_Activity_
Across the listing, how many lines contain "units"? The reply is the number alone.

----- Data shown

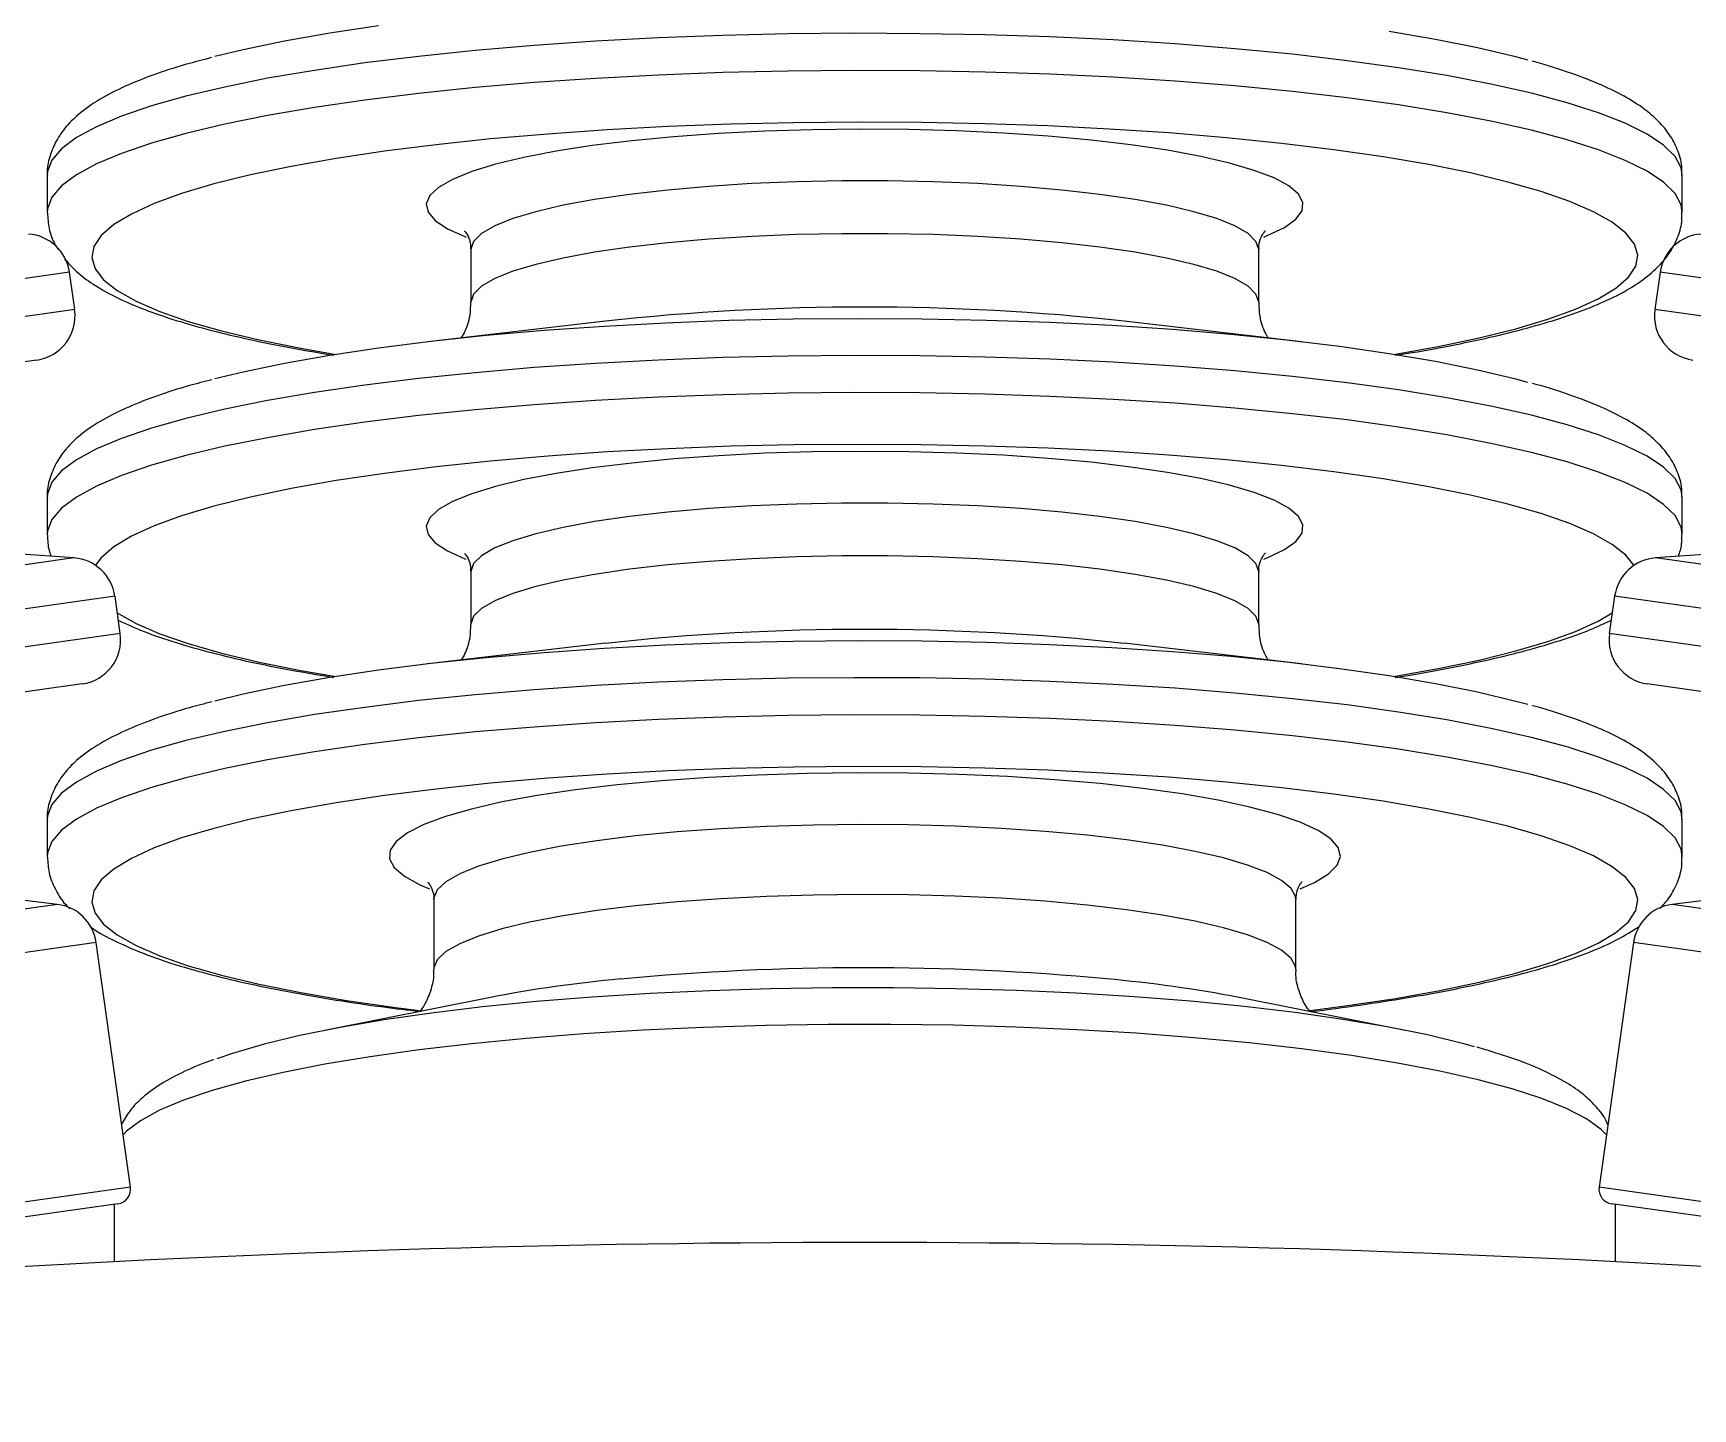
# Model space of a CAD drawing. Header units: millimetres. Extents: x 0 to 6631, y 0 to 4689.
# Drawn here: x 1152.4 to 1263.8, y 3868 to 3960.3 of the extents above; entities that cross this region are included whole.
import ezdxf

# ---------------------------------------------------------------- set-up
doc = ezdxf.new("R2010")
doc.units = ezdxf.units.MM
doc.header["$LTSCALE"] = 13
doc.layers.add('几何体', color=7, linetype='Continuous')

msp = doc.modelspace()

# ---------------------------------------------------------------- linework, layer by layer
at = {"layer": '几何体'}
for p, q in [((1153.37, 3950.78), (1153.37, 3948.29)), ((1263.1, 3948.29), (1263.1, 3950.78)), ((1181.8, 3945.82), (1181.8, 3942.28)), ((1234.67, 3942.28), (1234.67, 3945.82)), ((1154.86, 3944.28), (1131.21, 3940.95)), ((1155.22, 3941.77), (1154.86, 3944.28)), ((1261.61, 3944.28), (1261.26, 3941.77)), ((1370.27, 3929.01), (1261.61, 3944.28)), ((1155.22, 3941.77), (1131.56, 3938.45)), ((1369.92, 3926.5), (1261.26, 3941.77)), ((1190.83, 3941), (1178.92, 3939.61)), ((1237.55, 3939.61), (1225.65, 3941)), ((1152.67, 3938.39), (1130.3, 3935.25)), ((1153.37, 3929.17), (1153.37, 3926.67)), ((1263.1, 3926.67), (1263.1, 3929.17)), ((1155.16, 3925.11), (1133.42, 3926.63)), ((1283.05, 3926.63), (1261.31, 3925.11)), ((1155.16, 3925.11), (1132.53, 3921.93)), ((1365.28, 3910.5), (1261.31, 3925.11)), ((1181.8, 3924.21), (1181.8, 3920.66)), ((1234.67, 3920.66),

----------

_Output for this task_
2